AIM OF THE TASK = The answer must be every line of the records in which the string "profile" appears.
---------- DATA RECORDS
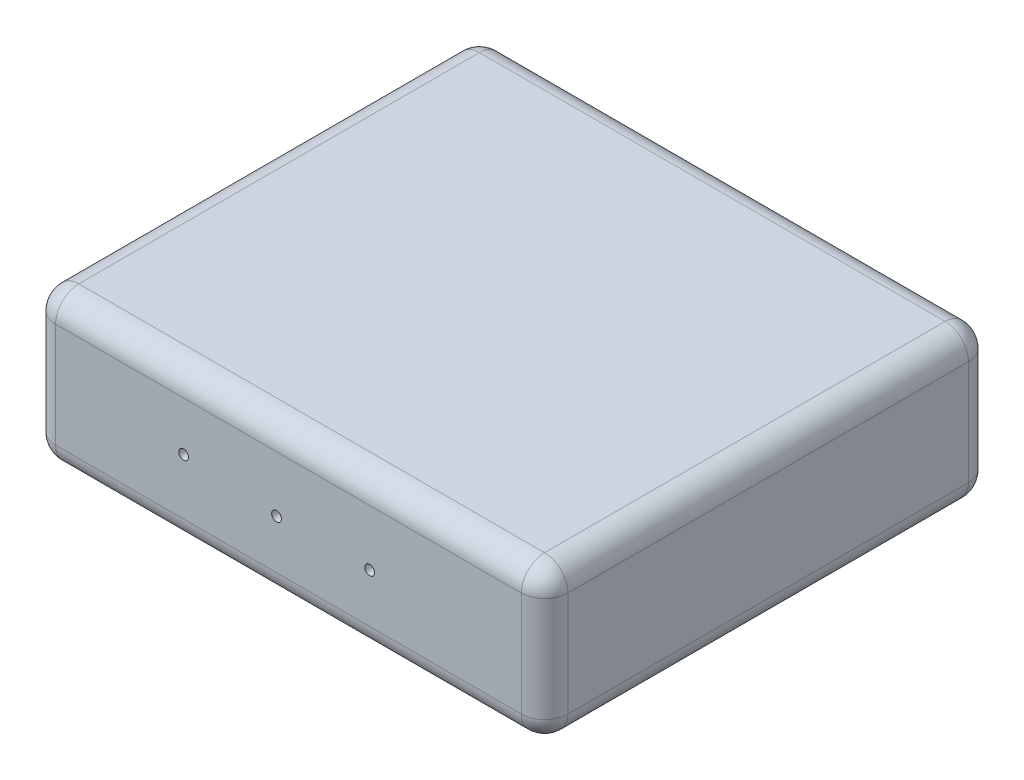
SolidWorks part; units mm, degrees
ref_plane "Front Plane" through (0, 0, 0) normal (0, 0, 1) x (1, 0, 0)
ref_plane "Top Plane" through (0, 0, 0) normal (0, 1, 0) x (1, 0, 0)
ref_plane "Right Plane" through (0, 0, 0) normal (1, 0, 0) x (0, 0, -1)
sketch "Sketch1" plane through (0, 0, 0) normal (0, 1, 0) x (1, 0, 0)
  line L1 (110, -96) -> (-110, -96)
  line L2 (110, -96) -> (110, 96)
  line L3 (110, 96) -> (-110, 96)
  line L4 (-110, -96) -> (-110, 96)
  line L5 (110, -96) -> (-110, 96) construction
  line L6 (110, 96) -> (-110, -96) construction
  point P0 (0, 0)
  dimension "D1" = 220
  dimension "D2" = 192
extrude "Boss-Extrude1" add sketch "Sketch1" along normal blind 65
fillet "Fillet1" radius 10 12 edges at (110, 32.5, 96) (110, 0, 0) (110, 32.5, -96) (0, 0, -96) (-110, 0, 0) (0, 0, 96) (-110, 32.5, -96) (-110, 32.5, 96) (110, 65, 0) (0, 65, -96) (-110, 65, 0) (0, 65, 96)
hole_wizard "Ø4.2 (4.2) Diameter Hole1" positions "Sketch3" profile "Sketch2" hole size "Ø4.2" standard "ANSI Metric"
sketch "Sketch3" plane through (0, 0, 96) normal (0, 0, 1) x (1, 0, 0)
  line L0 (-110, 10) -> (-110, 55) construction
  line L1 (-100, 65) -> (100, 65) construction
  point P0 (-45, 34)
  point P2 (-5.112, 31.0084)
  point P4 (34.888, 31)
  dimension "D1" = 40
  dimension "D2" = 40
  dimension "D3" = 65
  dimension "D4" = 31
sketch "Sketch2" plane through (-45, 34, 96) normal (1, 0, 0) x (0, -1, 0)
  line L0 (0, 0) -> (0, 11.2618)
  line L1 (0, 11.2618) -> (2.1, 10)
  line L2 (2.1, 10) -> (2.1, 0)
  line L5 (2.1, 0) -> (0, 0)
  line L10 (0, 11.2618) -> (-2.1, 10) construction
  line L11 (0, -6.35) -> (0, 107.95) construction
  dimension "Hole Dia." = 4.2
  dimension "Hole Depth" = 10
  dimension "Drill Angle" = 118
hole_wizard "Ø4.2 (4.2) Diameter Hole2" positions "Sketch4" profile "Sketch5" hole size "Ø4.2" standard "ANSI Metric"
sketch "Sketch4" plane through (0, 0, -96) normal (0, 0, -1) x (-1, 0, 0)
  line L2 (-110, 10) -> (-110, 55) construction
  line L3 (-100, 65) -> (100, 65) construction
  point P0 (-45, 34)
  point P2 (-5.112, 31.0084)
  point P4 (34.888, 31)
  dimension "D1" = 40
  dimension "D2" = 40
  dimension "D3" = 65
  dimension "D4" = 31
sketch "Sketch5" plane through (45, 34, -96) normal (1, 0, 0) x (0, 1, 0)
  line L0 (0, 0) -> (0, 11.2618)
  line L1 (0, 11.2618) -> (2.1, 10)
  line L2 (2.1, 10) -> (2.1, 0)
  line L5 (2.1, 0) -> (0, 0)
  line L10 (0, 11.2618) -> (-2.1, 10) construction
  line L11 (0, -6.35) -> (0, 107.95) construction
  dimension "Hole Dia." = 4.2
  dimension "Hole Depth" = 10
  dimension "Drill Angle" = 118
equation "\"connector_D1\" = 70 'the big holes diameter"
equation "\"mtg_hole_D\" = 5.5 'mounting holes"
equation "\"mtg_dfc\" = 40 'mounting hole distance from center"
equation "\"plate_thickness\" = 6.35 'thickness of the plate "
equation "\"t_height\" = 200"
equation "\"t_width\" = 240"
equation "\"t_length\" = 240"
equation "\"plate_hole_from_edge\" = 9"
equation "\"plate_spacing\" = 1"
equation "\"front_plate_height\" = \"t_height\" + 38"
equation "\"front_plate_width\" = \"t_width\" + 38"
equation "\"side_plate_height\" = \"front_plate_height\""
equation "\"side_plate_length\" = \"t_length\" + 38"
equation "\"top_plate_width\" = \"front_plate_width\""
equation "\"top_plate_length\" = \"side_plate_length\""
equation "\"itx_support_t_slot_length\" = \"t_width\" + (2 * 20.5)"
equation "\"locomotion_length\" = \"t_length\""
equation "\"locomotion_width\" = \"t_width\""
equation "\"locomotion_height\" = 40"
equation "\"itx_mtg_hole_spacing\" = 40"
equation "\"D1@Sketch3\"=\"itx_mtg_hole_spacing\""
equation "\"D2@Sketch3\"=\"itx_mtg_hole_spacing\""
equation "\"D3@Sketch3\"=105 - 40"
--------------------
ANSWER =
hole_wizard "Ø4.2 (4.2) Diameter Hole1" positions "Sketch3" profile "Sketch2" hole size "Ø4.2" standard "ANSI Metric"
hole_wizard "Ø4.2 (4.2) Diameter Hole2" positions "Sketch4" profile "Sketch5" hole size "Ø4.2" standard "ANSI Metric"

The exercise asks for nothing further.